The Belgian position is understandable, because freezing the Russian assets in the EU under emergency powers seems no safer than dealing with a potential veto, as it will almost certainly face legal challenges. If a legal challenge succeeds, the legislation created through the Article 122 invocation will be void, which is potentially just as damaging as a veto. Diplomats briefed on the EC’s legal arguments say that Article 122 may also be used to change the interval in which the sanctions regime is extended from every six months to every three years. EU states outside von der Leyen’s coalition have little reason to agree to any of this, because it fundamentally undermines their position. If the precedent is that the EC can intentionally generate a crisis whenever it wants and use that crisis to sideline parliament and effectively deny the right of veto to any individual EU state, much of the EU will be giving up substantial power.

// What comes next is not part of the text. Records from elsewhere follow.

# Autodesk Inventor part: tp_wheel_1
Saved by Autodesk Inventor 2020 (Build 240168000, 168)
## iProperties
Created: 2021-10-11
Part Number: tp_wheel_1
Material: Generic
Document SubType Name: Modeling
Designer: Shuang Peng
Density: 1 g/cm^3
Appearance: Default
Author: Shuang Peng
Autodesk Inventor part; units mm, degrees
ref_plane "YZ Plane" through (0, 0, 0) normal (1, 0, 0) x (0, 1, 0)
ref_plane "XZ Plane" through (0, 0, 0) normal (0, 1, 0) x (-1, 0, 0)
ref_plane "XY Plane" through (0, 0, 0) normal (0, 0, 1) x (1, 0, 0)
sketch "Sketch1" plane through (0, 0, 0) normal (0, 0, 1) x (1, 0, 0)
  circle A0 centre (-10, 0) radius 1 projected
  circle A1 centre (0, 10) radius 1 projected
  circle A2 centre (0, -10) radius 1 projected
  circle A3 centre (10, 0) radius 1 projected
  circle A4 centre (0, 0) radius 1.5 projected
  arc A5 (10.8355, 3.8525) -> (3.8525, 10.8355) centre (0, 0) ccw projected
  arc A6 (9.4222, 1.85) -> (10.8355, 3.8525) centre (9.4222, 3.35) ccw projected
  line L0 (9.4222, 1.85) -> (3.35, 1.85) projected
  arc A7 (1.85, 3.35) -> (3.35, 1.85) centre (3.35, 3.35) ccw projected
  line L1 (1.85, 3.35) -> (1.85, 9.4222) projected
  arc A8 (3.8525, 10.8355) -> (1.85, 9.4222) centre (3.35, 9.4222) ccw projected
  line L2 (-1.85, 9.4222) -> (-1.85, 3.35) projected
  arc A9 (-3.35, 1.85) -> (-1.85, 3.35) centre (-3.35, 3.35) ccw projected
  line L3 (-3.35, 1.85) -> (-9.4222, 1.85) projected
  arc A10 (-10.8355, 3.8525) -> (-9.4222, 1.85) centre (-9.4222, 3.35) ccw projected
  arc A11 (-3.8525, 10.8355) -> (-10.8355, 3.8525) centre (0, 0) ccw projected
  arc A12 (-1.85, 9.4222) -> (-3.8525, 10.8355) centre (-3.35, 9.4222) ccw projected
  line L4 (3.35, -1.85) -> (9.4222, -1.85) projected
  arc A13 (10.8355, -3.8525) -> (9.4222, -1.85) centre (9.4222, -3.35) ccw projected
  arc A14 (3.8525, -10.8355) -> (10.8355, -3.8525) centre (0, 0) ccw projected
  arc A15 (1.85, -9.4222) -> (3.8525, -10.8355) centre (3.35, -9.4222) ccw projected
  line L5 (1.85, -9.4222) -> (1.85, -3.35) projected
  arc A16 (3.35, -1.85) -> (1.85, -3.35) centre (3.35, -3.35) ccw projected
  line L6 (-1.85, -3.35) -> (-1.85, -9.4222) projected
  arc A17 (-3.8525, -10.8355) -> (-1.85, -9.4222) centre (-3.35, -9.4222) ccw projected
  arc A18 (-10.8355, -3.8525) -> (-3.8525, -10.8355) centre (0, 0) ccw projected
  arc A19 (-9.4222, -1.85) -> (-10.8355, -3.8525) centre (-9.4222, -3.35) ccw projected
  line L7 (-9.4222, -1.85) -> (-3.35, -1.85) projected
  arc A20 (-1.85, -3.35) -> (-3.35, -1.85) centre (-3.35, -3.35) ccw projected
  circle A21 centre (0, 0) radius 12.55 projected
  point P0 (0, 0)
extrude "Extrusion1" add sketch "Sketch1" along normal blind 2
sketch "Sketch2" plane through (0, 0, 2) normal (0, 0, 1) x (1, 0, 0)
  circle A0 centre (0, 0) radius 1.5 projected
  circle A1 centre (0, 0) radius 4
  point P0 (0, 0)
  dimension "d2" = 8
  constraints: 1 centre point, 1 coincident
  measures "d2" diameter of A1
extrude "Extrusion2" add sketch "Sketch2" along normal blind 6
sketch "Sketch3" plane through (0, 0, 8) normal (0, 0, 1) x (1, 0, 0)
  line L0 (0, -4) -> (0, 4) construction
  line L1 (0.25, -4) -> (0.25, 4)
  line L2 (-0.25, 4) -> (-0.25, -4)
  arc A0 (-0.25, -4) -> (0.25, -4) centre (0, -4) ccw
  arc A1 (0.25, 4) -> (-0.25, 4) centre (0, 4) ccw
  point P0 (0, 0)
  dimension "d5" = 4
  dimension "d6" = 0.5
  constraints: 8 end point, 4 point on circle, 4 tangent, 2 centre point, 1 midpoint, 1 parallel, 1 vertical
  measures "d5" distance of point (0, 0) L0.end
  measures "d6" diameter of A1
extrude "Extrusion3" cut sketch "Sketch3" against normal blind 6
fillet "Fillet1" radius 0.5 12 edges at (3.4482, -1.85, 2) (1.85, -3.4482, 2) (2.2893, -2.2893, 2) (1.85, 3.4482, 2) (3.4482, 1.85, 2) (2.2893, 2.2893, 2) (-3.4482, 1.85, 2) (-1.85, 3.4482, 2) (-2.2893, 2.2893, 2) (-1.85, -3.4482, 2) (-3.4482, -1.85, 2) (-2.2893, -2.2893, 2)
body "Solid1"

Regardless, without approval from Belgium, von der Leyen’s proposal is dead on arrival. Perhaps sensing this would be the case, she offered a fallback plan: loaning the money to Ukraine straight out of the EU’s budget. But as we’ve covered previously, there’s even more internal resistance to this plan than to the reparations loan scheme. European governments have no interest in raising hundreds of billions of euros out of their own pockets and have publicly signaled their opposition to doing so.
At this point, it’s difficult to see what the purpose of this charade is. Short of tearing up the EU treaties or threatening Belgium itself with sanctions, the European Commission doesn’t appear to have any cards left to play. We’ll have to wait and see if the EC has an ace up its sleeve for the climactic meeting scheduled for the 18th.


It may appear to be a charade, but has anyone told UVDL? I expect she expects this to work.
Further, when this truly comes to a head and Ukraine actually runs out of money, the choice of "break laws, precedent, violate democracy" or "Ukraine loses", do you really think the former will be so important? They are all in, including the detractors
Could it be that some people in the European elite receive some of the billions that are being sent to Ukraine back on their accounts? Could it be that the longer this European aid lasts, no matter how, the longer this money laundering can continue? Ukraine is known as one of the most corrupt countries in the world, but there have been a few scandals proving that the EU elite is not as clean as one would wish. Think of Federica Mogherini, former High Representative, who is under suspicion of corruption. That's a big fish, part of the European elite I'm referring to.